(Input material begins)

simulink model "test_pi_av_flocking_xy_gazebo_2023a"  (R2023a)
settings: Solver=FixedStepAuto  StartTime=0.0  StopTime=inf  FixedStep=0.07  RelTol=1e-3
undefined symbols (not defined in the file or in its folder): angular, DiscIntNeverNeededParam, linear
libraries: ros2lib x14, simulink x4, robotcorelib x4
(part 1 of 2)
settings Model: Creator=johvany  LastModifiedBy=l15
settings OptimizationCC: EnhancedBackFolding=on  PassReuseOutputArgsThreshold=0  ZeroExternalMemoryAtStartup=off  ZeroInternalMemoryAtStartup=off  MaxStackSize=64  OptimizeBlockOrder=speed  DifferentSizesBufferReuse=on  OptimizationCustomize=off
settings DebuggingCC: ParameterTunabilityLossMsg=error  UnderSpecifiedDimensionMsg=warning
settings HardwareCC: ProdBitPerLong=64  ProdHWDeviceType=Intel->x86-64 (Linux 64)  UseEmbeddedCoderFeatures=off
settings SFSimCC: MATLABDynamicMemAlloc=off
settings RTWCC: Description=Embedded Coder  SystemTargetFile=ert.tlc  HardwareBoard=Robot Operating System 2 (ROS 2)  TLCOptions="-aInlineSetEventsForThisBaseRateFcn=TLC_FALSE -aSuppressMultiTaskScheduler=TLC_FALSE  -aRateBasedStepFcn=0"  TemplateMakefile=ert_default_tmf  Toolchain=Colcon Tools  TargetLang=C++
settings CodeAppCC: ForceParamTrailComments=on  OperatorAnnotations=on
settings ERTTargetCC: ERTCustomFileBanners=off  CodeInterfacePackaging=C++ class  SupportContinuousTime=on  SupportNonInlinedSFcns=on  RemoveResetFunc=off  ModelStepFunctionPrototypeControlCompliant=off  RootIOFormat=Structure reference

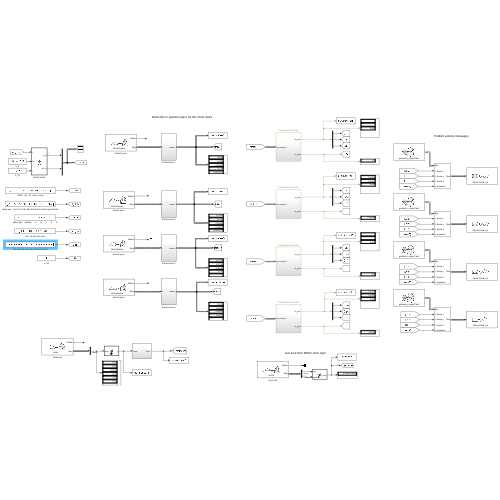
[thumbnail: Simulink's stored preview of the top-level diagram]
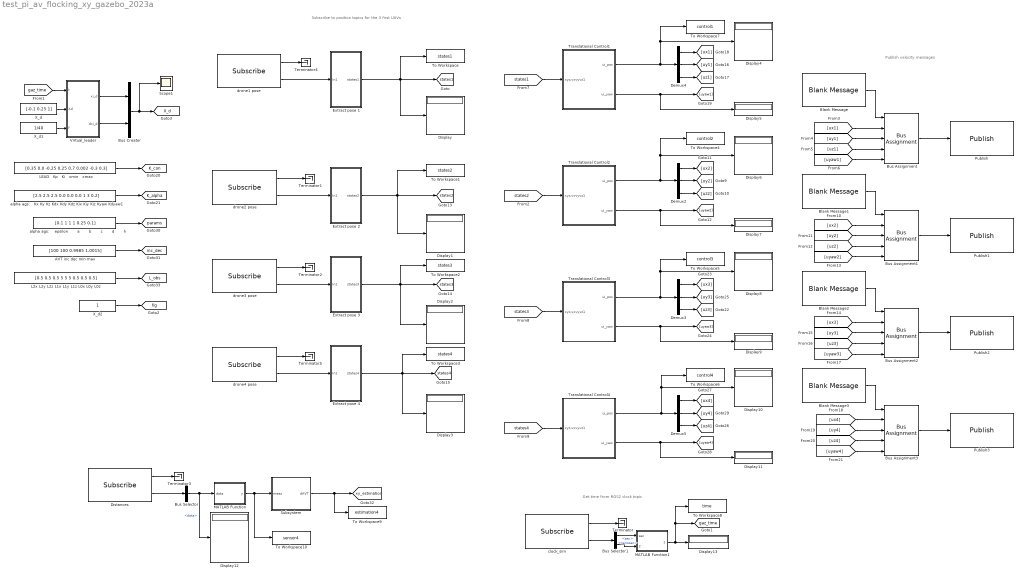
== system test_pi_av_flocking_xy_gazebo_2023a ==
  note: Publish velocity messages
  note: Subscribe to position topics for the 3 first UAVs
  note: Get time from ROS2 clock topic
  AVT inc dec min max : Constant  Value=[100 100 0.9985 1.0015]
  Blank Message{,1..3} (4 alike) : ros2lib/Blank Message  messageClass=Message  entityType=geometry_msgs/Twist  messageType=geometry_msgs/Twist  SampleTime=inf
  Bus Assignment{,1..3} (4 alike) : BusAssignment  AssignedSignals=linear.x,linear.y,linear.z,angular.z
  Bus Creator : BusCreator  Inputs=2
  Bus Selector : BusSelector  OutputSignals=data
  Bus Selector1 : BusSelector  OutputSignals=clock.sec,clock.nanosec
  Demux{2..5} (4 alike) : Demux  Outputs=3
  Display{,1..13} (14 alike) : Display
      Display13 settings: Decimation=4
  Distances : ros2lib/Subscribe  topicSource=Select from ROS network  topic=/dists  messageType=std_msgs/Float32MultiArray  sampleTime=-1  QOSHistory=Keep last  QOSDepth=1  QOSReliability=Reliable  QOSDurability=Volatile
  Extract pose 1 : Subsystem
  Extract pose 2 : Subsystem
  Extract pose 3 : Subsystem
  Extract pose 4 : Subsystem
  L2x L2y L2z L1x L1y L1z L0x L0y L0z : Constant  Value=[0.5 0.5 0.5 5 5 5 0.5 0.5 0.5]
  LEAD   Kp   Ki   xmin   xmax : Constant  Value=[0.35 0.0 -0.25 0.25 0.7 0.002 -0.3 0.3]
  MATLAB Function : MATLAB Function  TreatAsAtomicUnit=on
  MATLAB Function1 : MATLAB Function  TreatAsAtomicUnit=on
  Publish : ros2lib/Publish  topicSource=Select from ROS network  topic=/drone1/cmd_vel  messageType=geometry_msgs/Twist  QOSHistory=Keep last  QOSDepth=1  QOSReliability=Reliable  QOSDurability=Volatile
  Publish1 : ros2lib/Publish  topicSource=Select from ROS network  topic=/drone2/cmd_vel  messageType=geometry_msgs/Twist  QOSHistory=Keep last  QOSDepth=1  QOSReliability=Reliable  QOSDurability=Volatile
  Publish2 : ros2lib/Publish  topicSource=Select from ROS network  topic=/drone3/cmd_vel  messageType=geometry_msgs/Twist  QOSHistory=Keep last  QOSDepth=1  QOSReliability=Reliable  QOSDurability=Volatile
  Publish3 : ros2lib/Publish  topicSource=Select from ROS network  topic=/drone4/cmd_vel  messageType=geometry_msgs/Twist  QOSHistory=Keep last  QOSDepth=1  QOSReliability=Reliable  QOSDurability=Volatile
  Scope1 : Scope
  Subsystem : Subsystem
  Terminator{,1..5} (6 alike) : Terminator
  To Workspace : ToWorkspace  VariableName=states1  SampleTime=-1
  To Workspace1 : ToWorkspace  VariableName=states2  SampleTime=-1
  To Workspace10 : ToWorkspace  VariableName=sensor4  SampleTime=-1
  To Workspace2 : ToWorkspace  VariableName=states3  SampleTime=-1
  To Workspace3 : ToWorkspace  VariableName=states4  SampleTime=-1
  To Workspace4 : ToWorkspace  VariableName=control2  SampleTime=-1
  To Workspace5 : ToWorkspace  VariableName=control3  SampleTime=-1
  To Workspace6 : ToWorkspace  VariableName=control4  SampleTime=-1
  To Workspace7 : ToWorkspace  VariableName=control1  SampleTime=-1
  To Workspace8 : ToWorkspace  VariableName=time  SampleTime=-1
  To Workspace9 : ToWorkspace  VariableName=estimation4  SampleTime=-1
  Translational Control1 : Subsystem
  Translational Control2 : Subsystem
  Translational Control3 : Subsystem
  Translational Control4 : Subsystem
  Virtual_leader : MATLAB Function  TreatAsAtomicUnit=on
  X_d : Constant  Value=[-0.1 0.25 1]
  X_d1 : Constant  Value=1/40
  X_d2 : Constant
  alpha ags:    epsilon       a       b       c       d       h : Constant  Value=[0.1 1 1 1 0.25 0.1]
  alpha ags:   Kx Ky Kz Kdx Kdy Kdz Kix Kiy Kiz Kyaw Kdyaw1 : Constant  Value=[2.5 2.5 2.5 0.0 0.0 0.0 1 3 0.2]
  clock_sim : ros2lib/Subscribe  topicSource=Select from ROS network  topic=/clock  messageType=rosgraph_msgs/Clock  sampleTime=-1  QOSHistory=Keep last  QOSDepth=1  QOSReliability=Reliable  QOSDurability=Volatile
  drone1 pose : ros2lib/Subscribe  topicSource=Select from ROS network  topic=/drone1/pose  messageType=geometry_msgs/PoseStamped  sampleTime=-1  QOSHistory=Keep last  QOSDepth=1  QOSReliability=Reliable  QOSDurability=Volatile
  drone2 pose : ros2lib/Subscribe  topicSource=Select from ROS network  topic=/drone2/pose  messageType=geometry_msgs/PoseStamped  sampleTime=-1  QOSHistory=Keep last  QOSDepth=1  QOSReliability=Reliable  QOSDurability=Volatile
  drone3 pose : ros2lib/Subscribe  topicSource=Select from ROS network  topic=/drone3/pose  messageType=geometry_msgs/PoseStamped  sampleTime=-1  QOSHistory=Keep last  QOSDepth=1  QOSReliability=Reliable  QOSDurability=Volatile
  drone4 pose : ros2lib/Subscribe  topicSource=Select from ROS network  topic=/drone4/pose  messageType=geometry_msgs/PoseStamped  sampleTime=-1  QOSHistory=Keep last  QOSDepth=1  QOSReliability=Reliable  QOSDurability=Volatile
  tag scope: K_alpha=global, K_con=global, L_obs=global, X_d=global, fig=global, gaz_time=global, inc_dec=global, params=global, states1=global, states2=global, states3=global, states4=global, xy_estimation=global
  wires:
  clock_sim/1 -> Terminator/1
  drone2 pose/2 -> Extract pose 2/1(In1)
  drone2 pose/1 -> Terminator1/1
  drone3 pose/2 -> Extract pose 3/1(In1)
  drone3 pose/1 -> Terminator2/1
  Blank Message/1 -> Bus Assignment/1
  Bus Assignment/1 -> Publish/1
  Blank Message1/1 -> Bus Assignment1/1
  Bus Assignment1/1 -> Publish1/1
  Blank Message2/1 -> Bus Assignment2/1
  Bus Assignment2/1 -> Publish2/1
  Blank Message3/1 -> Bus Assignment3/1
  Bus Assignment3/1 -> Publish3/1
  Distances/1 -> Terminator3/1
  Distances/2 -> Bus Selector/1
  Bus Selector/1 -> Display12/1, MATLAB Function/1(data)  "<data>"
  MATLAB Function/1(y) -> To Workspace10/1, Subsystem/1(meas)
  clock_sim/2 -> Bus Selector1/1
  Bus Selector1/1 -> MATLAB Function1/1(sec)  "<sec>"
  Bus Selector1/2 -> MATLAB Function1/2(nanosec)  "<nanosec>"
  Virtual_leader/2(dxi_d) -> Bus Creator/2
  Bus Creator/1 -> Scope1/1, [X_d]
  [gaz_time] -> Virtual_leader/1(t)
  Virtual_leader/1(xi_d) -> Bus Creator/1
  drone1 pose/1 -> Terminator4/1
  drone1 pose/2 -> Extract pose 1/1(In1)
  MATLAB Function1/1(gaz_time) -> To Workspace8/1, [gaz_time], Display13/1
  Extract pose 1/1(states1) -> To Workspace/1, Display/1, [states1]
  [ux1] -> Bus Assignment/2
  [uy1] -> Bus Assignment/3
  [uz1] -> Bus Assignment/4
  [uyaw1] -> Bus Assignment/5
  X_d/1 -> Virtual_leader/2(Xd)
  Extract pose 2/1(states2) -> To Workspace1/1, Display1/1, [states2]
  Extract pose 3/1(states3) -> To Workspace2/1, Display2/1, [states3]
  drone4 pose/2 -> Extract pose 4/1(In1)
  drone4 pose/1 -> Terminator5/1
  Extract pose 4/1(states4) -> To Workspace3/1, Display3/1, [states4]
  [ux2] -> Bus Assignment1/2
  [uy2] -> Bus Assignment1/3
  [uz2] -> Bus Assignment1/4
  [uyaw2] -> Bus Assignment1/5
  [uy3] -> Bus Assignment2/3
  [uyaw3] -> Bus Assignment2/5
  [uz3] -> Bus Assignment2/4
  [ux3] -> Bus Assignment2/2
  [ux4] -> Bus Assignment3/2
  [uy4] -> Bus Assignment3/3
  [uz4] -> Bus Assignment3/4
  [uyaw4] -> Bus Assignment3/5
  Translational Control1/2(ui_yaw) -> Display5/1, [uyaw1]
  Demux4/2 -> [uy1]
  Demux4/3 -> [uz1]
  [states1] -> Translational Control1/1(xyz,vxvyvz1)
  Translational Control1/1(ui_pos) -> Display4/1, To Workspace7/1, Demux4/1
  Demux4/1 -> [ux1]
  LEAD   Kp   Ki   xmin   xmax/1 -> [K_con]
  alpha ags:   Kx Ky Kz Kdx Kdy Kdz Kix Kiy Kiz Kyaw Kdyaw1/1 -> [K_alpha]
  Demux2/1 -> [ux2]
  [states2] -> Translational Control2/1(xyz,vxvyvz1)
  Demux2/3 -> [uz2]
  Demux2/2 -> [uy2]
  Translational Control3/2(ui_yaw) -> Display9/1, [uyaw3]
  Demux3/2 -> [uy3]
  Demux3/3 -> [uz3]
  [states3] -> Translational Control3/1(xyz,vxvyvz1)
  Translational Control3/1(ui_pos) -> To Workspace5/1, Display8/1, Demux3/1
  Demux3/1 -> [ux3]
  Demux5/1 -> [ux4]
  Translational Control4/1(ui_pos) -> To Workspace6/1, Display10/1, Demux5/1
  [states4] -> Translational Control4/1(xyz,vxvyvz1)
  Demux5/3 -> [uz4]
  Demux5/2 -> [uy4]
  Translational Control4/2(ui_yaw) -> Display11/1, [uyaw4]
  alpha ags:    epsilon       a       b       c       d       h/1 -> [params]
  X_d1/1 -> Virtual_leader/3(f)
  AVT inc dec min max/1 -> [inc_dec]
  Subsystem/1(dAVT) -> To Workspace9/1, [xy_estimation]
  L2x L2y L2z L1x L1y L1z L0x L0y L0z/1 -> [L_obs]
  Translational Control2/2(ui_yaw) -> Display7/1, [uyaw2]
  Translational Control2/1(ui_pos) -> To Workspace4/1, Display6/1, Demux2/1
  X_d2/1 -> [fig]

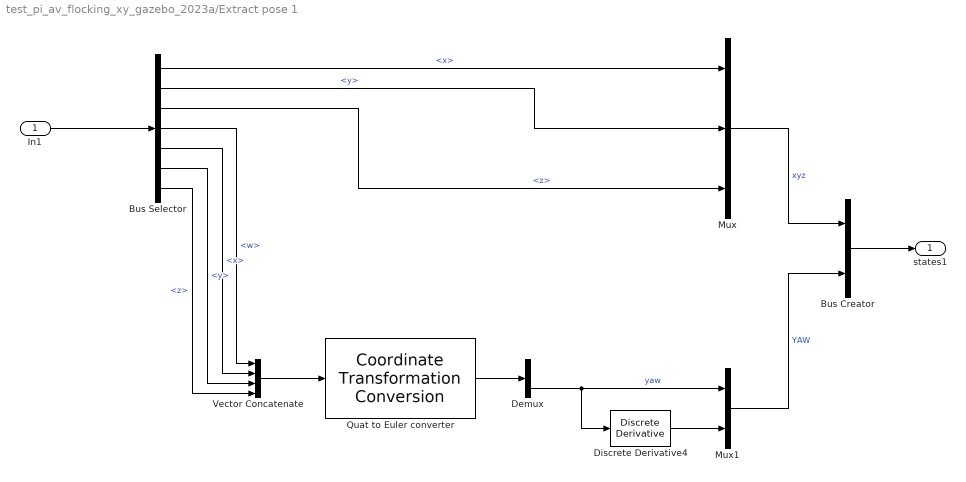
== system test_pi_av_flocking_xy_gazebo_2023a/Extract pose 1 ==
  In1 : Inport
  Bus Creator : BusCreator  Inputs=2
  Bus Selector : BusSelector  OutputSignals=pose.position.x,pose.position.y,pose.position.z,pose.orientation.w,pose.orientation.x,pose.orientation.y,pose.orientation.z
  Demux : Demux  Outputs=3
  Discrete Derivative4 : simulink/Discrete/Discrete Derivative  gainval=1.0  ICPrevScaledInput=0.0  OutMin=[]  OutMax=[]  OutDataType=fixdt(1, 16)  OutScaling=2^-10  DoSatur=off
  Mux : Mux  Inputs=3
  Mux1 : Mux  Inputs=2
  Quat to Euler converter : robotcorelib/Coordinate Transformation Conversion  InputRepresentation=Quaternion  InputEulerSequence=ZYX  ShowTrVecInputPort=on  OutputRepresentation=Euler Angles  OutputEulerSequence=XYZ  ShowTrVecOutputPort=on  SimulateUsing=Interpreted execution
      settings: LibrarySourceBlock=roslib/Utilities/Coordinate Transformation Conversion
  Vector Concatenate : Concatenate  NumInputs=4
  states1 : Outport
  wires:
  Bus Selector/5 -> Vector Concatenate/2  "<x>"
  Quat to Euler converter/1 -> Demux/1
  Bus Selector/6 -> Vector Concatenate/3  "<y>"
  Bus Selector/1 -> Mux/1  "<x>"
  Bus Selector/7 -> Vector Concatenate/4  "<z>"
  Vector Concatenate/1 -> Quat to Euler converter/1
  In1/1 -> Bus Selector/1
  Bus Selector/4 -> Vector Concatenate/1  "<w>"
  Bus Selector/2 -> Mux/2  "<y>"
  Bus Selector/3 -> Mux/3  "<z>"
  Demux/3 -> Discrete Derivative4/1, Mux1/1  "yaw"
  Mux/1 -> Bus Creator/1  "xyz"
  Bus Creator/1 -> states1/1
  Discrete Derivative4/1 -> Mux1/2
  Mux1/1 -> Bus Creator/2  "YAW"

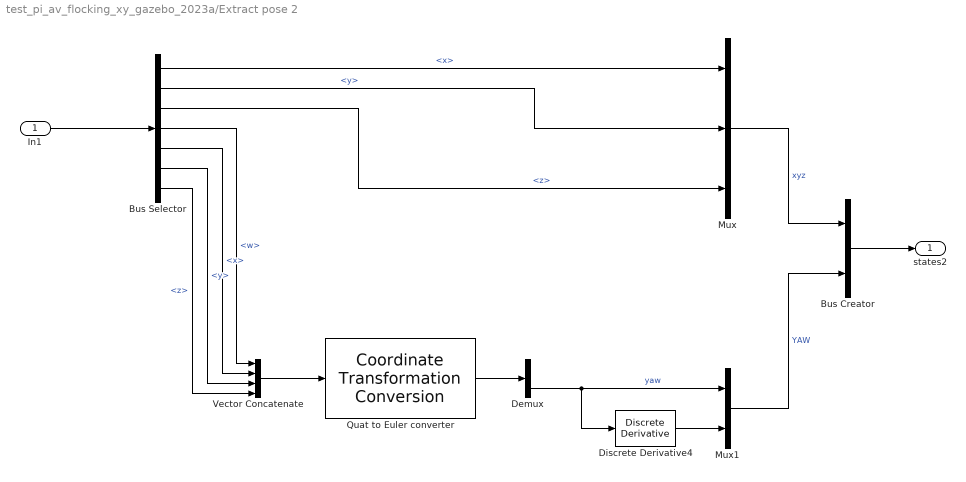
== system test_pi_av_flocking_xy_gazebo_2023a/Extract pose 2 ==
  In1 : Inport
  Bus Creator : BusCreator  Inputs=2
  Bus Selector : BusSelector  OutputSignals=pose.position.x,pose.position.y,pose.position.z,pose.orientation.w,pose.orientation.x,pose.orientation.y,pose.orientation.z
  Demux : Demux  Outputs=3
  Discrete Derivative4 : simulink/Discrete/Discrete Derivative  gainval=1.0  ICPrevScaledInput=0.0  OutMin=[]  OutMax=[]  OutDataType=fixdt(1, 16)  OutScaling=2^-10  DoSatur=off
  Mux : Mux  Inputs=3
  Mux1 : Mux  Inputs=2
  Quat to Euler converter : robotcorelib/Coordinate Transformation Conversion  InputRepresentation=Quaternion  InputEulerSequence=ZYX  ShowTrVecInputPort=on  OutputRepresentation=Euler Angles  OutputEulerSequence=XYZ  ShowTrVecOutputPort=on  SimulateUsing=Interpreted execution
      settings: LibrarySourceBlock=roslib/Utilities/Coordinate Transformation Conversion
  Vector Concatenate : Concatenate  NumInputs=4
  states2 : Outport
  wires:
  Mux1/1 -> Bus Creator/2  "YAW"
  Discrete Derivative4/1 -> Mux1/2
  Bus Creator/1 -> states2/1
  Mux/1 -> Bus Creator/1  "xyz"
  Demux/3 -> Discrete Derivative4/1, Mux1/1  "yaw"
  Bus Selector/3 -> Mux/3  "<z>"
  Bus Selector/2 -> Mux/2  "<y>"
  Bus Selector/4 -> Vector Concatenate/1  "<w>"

(Input material ends)

How to complete this task | Wherever the word "Euler" appears in a line of the data, copy that line.

Your response |
  Quat to Euler converter : robotcorelib/Coordinate Transformation Conversion  InputRepresentation=Quaternion  InputEulerSequence=ZYX  ShowTrVecInputPort=on  OutputRepresentation=Euler Angles  OutputEulerSequence=XYZ  ShowTrVecOutputPort=on  SimulateUsing=Interpreted execution
  Quat to Euler converter/1 -> Demux/1
  Vector Concatenate/1 -> Quat to Euler converter/1
  Quat to Euler converter : robotcorelib/Coordinate Transformation Conversion  InputRepresentation=Quaternion  InputEulerSequence=ZYX  ShowTrVecInputPort=on  OutputRepresentation=Euler Angles  OutputEulerSequence=XYZ  ShowTrVecOutputPort=on  SimulateUsing=Interpreted execution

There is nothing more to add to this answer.